I talked to the underlay contact and his answer was this:
Talking to Joel, architect of the current protocols: the Underlay libraries and interfaces may not be ready for this by the summer.
We are just starting to hire someone to help build out our first central registry and related packaging tools. Do you think that creating a toolchain that lets a subcommunity create a databus package, and learning to use IPFS interfaces to store those packages on IPFS, might be sufficient for a full summer’s project? That’s already learning two different languages and testing with a data community
So I guess, it doesn’t mke sense to go for Underlay, yet, although it is very RDF specific. Meanwhile I had a look at IPFS some more and I think integrating Databus and IPFS would be a really cool project. So there are two sides of this:
At the moment, we are using Maven features extensively for publication. This includes either copying files to Apache Web Server or NGINX to
/var/www or lately we have been using Maven WebDav Wagon . So here the process is
- people run the upload the script on the same server, copying to
- people run on one server/laptop and push to publication server via webdav or ssh
So a question here is how to get local data into IPFS. Maybe an IPFS client needs to run or maybe it is just simple file copying. Then also you need to get the IPFS hash, as this needs to go into the dataid and on the Databus.
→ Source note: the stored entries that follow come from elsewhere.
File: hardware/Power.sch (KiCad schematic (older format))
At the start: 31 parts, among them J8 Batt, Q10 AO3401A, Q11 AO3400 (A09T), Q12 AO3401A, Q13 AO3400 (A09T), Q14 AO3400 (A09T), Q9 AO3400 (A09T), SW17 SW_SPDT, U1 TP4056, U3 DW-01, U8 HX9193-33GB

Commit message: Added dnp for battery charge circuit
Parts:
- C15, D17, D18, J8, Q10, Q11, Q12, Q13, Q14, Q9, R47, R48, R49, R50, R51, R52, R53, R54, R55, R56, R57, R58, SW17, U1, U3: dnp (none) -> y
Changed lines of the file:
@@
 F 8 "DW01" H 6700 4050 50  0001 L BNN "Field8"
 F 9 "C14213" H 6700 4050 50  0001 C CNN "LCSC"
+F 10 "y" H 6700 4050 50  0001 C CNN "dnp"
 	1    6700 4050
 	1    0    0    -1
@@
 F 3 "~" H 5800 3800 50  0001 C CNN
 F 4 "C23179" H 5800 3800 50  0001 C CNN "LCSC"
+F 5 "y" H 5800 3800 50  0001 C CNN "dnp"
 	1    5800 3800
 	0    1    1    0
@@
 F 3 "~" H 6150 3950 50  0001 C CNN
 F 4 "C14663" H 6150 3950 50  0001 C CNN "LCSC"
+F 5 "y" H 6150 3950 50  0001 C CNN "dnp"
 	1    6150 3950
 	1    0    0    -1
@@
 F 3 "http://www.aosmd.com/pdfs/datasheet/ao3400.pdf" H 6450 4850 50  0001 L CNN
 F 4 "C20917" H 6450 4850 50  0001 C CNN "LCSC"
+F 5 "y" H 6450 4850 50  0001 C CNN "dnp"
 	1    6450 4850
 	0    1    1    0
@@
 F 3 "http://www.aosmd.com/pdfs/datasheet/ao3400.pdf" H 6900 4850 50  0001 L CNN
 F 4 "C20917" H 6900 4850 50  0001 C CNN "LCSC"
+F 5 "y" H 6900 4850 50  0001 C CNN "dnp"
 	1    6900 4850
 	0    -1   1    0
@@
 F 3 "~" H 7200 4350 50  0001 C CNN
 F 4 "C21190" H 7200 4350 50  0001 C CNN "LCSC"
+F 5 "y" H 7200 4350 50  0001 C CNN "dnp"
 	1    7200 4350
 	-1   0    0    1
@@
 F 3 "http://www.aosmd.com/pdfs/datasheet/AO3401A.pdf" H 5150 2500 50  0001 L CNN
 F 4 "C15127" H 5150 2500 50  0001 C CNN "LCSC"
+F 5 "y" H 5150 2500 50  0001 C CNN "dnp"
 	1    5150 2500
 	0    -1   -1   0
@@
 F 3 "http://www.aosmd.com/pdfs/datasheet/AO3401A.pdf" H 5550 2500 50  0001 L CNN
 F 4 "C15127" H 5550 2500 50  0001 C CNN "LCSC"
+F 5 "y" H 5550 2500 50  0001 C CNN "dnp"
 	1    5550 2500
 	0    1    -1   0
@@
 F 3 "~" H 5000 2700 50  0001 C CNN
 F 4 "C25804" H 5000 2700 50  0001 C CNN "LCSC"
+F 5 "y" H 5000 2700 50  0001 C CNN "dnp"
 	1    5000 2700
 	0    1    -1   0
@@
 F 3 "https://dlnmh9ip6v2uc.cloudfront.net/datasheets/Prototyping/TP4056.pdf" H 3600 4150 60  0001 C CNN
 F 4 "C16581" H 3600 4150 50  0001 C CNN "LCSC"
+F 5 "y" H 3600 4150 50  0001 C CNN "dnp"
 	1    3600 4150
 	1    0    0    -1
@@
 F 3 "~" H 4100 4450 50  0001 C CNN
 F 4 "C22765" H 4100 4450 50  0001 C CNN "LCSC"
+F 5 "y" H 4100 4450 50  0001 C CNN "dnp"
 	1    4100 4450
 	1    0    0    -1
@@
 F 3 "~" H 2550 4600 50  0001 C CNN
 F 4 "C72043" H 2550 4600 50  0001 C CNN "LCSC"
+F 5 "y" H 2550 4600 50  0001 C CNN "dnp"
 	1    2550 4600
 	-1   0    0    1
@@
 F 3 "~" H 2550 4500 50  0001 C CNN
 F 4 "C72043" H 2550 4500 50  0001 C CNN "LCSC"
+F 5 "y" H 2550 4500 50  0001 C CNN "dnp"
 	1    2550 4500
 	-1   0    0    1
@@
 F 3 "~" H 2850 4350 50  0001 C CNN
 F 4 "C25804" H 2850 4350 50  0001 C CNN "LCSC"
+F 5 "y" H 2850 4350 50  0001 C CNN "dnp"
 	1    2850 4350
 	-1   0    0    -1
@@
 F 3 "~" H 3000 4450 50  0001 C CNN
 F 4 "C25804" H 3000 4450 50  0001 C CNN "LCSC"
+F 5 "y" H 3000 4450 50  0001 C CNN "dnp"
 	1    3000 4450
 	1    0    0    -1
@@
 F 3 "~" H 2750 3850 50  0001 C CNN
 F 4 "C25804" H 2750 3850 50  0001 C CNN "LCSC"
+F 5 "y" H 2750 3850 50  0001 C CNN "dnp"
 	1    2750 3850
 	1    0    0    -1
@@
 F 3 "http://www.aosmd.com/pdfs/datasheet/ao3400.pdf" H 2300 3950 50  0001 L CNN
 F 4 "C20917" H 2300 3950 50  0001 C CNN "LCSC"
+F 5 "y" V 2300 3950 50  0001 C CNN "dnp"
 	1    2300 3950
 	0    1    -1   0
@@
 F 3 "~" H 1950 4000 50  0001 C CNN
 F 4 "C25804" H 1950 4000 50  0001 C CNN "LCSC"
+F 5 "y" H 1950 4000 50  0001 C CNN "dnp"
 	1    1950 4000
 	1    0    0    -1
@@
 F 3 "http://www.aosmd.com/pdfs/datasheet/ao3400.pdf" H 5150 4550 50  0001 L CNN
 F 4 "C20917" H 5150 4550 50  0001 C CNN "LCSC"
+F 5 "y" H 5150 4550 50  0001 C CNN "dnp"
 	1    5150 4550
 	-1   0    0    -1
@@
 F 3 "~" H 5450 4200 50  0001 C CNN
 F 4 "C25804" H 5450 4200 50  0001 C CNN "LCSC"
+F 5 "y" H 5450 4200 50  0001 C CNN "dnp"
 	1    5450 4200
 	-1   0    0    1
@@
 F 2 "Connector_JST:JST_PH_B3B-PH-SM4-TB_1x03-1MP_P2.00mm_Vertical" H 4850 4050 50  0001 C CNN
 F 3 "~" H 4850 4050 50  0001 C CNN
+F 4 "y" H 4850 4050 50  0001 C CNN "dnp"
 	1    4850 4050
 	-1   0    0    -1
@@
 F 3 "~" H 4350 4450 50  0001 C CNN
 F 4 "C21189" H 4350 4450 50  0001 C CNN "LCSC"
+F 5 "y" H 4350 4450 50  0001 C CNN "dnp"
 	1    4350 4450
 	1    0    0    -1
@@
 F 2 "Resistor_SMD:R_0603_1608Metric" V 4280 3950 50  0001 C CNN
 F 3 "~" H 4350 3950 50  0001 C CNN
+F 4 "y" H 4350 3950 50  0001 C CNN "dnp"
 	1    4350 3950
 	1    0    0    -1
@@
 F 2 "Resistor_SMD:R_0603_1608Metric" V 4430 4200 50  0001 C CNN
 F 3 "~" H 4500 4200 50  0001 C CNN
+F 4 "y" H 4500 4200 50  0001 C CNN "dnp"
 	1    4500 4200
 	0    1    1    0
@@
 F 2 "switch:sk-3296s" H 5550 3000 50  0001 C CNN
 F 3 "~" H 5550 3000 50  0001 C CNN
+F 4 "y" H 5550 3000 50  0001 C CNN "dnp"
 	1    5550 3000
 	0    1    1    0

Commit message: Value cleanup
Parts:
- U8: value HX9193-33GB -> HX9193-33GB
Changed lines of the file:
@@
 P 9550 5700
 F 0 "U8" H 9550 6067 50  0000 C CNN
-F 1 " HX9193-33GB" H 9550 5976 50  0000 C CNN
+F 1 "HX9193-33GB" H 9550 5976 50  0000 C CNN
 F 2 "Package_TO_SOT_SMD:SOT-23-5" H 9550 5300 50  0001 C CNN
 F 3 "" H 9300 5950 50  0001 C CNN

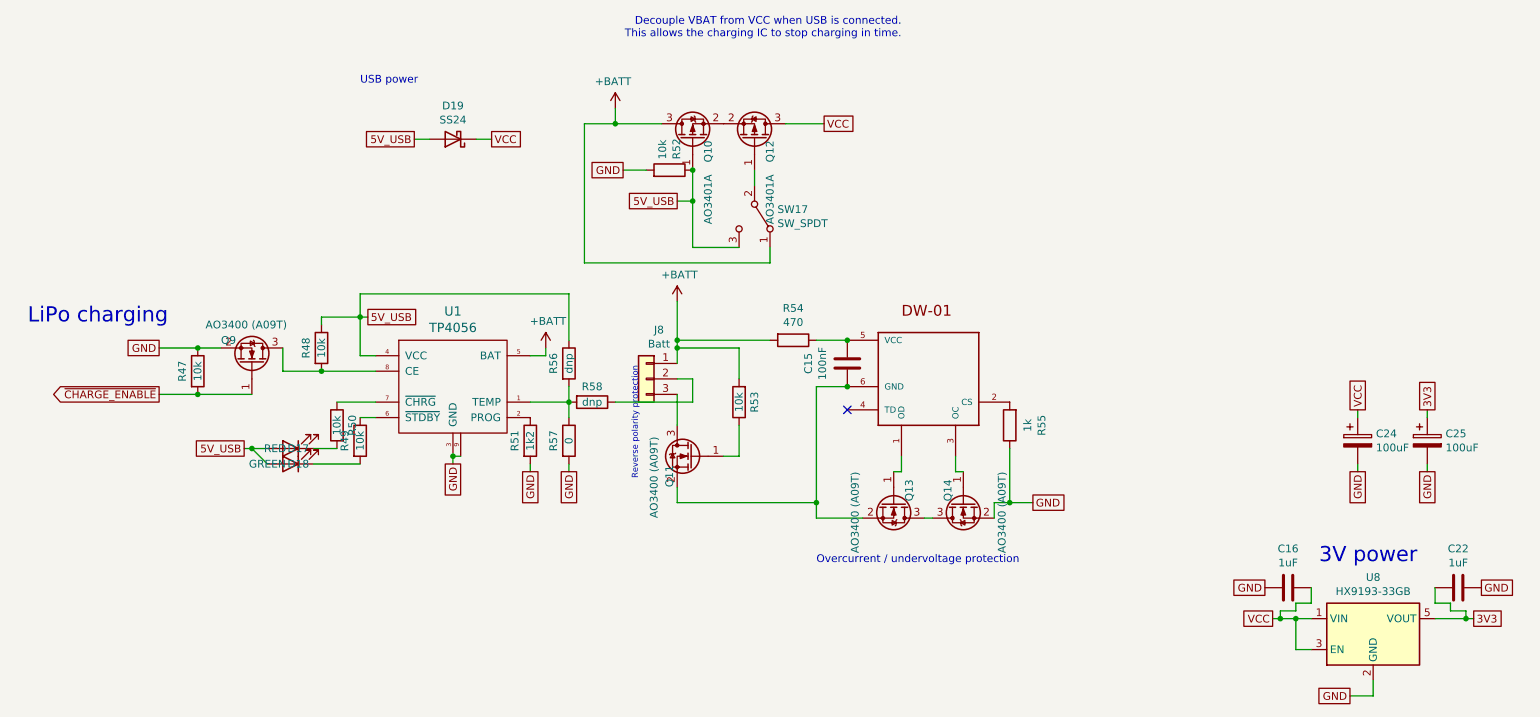
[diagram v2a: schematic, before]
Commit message: Added testpoints to audio lines
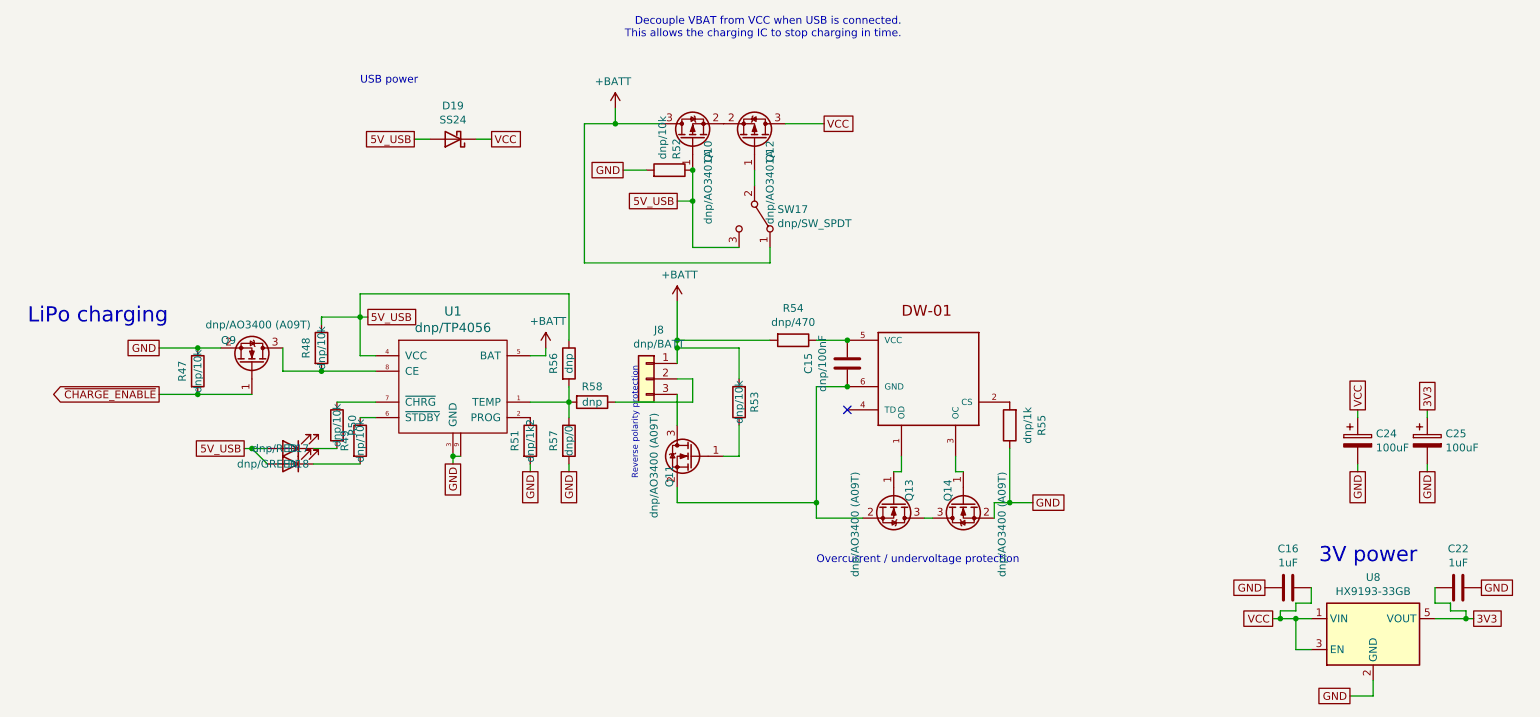
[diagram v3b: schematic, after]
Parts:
- C15: value 100nF -> dnp/100nF; LCSC C14663 -> (none)
- D17: value RED -> dnp/RED; LCSC C72043 -> (none)
- D18: value GREEN -> dnp/GREEN; LCSC C72043 -> (none)
- J8: value Batt -> dnp/BATT
- Q10, Q12: value AO3401A -> dnp/AO3401A; LCSC C15127 -> (none)
- Q11, Q13, Q14, Q9: value AO3400 (A09T) -> dnp/AO3400 (A09T); LCSC C20917 -> (none)
- R47, R48, R49, R50, R52, R53: value 10k -> dnp/10k; LCSC C25804 -> (none)
- R51: value 1k2 -> dnp/1k2; LCSC C22765 -> (none)
- R54: value 470 -> dnp/470; LCSC C23179 -> (none)
- R55: value 1k -> dnp/1k; LCSC C21190 -> (none)
- R57: value 0 -> dnp/0; LCSC C21189 -> (none)
- SW17: value SW_SPDT -> dnp/SW_SPDT
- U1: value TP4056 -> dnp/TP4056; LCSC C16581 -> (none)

As far as I understood there are several ways to download IFPS files. There are some download clients in different implementations and normally you are supposed to share the files again. There is also a scala wrapper or a wget-like implementation. I didn’t get very deep into it, but these features should be possible:
- download without having a local IPFS node
- download and share via a local IPFS node
(Note for us it wouldn’t be a problem to host a
- subscribe to new versions, i.e. we have collections such as https://databus.dbpedia.org/dbpedia/collections/latest-core where users can get the latest version of an artifact. (The collection resolves to a SPARQL query:
curl -H "Accept: text/sparql" https://databus.dbpedia.org/dbpedia/collections/latest-core ). I am not sure how IPFS reacts to file changes or updates, but combined with the Databus/Maven-like structure, it should be easy.
- there is the feature of pinning for IPFS clusters https://cluster.ipfs.io/ which would be interesting as we could have a LOD-Cloud Cluster Swarm, which would start backing up the whole LOD Cloud. This would be a killer feature.
I think the skeleton of your work plan is realistic. Before Milestone 1 (implementation with JUNIT test), I would recommend to have an earlier miestone with some sort of hacky, vertical prototype in order to gain experience with IPFS and also to have something working with a small dataset. This follows agile, rapid-prototyping and it is a good milestone to discuss and adjust the following tasks & timeline. Otherwise you spend 4 weeks implementation and testing just to find out that requirements are actually different (happens to almost 50% of all software projects).